全てが陽動に見えるように、どれもが奇を衒った一撃を放つための布石であるかのように、視線を奪うために、攻撃目標を定めさせないために。
だからーー
飛び上がったシラヌイに目を奪われる、次の瞬間に特攻してくるセンダイに眼を奪われる、飛び上がったいかづちに目を奪われる。咆哮を上げて目前に迫らんとするセンダイに目を奪われる、気迫の篭った怒声を発しながら武器弾薬をところかまわずばらまくシラヌイの上を行くいかづちに目を奪われる。両手を振りかぶったいかづちから放たれた、以前、腕を奪っていったに憎くて憎くて仕方がなくて夜も眠れなくて今まで生きてきた一生の中でこれほどまでに誰かのことを思い続けたことの経験のないほど思い焦がれた因縁浅からぬ怨敵の姿に目を奪われて。

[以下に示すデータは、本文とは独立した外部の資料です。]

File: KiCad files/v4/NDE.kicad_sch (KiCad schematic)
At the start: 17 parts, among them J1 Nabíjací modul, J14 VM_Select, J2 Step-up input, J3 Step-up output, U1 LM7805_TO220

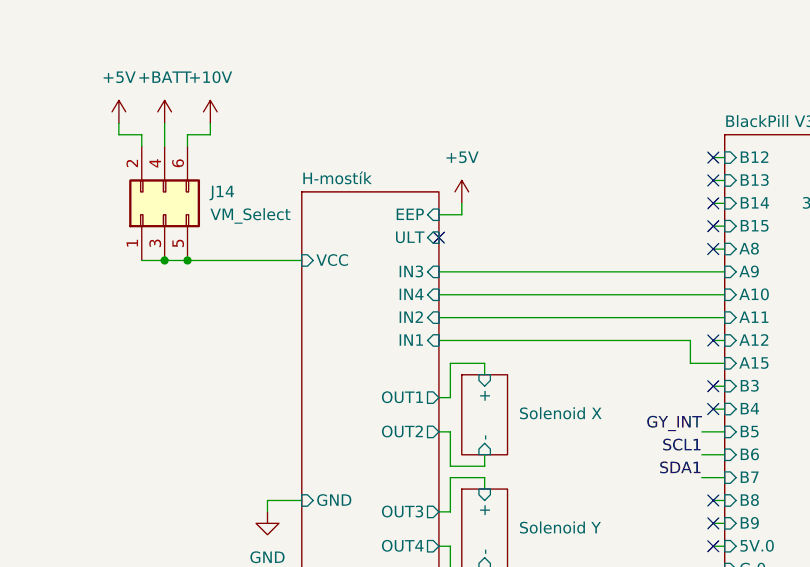
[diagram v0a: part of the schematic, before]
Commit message: Fixed unconnected GND of MCU and flipped H-bridge sockets
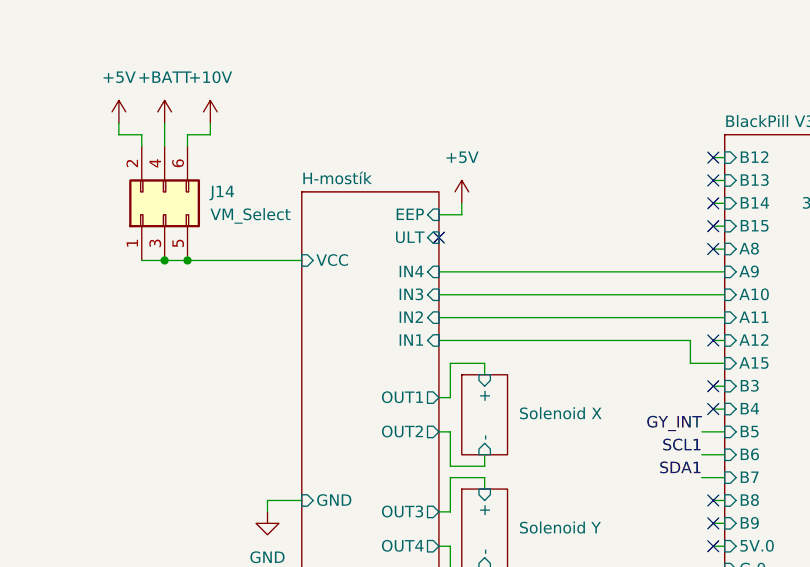
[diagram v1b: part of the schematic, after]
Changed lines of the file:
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@@
 	(wire
 		(pts
-			(xy 130.81 90.17) (xy 162.56 90.17)
-		)
-		(stroke
-			(width 0)
-			(type default)
-		)
-	)
-	(wire
-		(pts
 			(xy 132.08 116.84) (xy 132.08 113.03)
 		)
@@
 	(wire
 		(pts
+			(xy 130.81 92.71) (xy 162.56 92.71)
+		)
+		(stroke
+			(width 0)
+			(type default)
+		)
+	)
+	(wire
+		(pts
 			(xy 161.29 85.09) (xy 162.56 85.09)
 		)
@@
 	(wire
 		(pts
+			(xy 130.81 90.17) (xy 162.56 90.17)
+		)
+		(stroke
+			(width 0)
+			(type default)
+		)
+	)
+	(wire
+		(pts
 			(xy 62.23 64.77) (xy 62.23 63.5)
 		)
@@
 	(wire
 		(pts
-			(xy 130.81 92.71) (xy 162.56 92.71)
-		)
-		(stroke
-			(width 0)
-			(type default)
-		)
-	)
-	(wire
-		(pts
 			(xy 234.95 133.35) (xy 233.68 133.35)
 		)
@@
 		)
 		(pin "IN3" input
-			(at 130.81 90.17 0)
+			(at 130.81 92.71 0)
 			(effects
 				(font
@@
 		)
 		(pin "IN4" input
-			(at 130.81 92.71 0)
+			(at 130.81 90.17 0)
 			(effects
 				(font

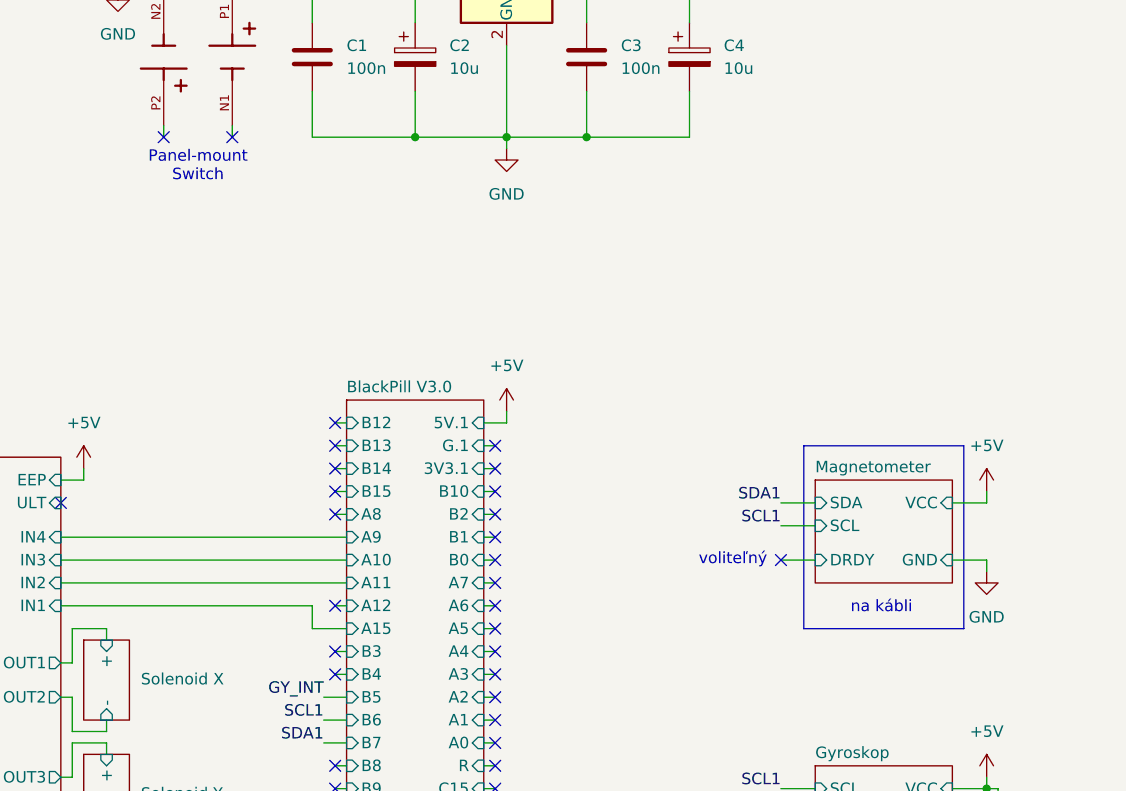
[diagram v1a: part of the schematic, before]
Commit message: Generated output files for docs. Removed old fabrication files.
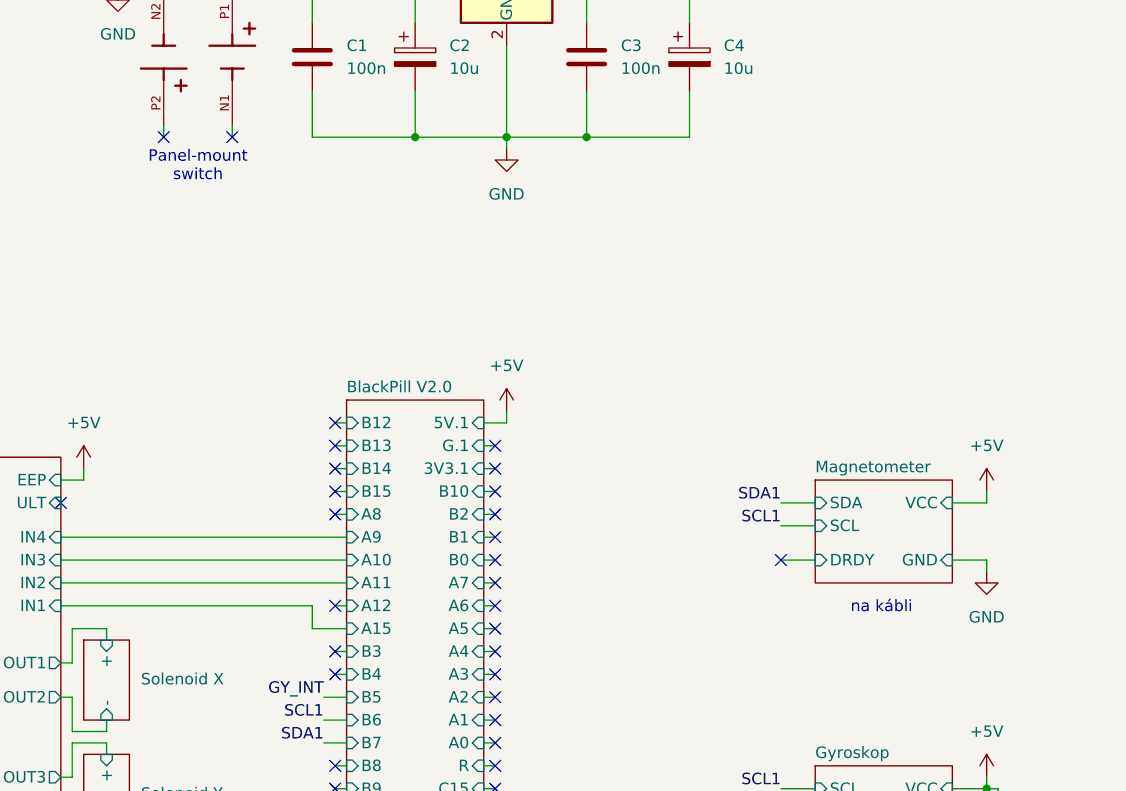
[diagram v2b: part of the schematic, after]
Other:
- sheet BlackPill V3.0 renamed BlackPill V2.0
- note added: "Panel-mount switch"
- note removed: "Panel-mount Switch"
- note removed: "voliteľný"
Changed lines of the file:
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@@
 		)
 	)
-	(rectangle
-		(start 231.14 80.01)
-		(end 213.36 100.33)
-		(stroke
-			(width 0)
-			(type default)
-		)
-		(fill
-			(type none)
-		)
-	)
-	(text "voliteľný"
-		(exclude_from_sim no)
-		(at 205.486 92.71 0)
-		(effects
-			(font
-				(size 1.27 1.27)
-			)
-		)
-	)
 	(text "Prídavné konektory \nna externý DC/DC menič"
 		(exclude_from_sim no)
@@
 		)
 	)
-	(text "Panel-mount\nSwitch"
+	(text "Panel-mount\nswitch"
 		(exclude_from_sim no)
 		(at 146.05 49.022 0)
@@
 			(color 0 0 0 0.0000)
 		)
-		(property "Sheetname" "BlackPill V3.0"
+		(property "Sheetname" "BlackPill V2.0"
 			(at 162.56 74.2184 0)
 			(effects

怒りで目の前が真紅に染まり、全ての理性が蒸発する。
「ーーォノレェェェェェェエエエエエエエエエエエエエエエエエエエエエエエエエエエエ!」
また貴様か、貴様なのか!
よくもよくもよくもよくもよくも!あれもこれもそれもどれもあいつもこいつもどいつも!
今日の朝も昼も夜も全て貴様のせいか貴様のせいだな貴様のせいに決まっている許してなるものか許してやらない許されざるべきものだ
ーー今すぐ殺してやる!
直上に目を奪われた、いやさ怒りに理性と思考を奪われたからこそ、気がつかない。
センダイが提督を受け止めるためだけに特攻を掛けたのに気がつかない。
シラヌイが顔面を蒼白に染めながら後ろに回り込んでいるのに気が付かない。
いかづちが笑いを堪えるために顔面痙攣を起こしながら眼をギラギラと輝かせて、提督に続いて特攻しているのに気が付かない。
ーー白い抜手が頬を掠める。
提督の頬を、文字通り皮一枚引き裂いて。
急降下してきた間抜けを一撃で確実にこの手で屠ってやるという意気込みが全身から感じられる渾身の構えで放たれた必殺のそれが。
「センダイ」
「…なんだ」
「さすがだ」
「…フッ」
処刑台の執刀鎌にかかっていた提督を忍者装束が掻っ攫い。
驚愕に目を見開いた間抜けの、隙だらけになった背中と直上から、一撃で確実にこの手で屠ってやるという意気込みが全身から感じられる渾身の構えで。
パイルバンカーよろしく、魚雷が撃ち込まれた。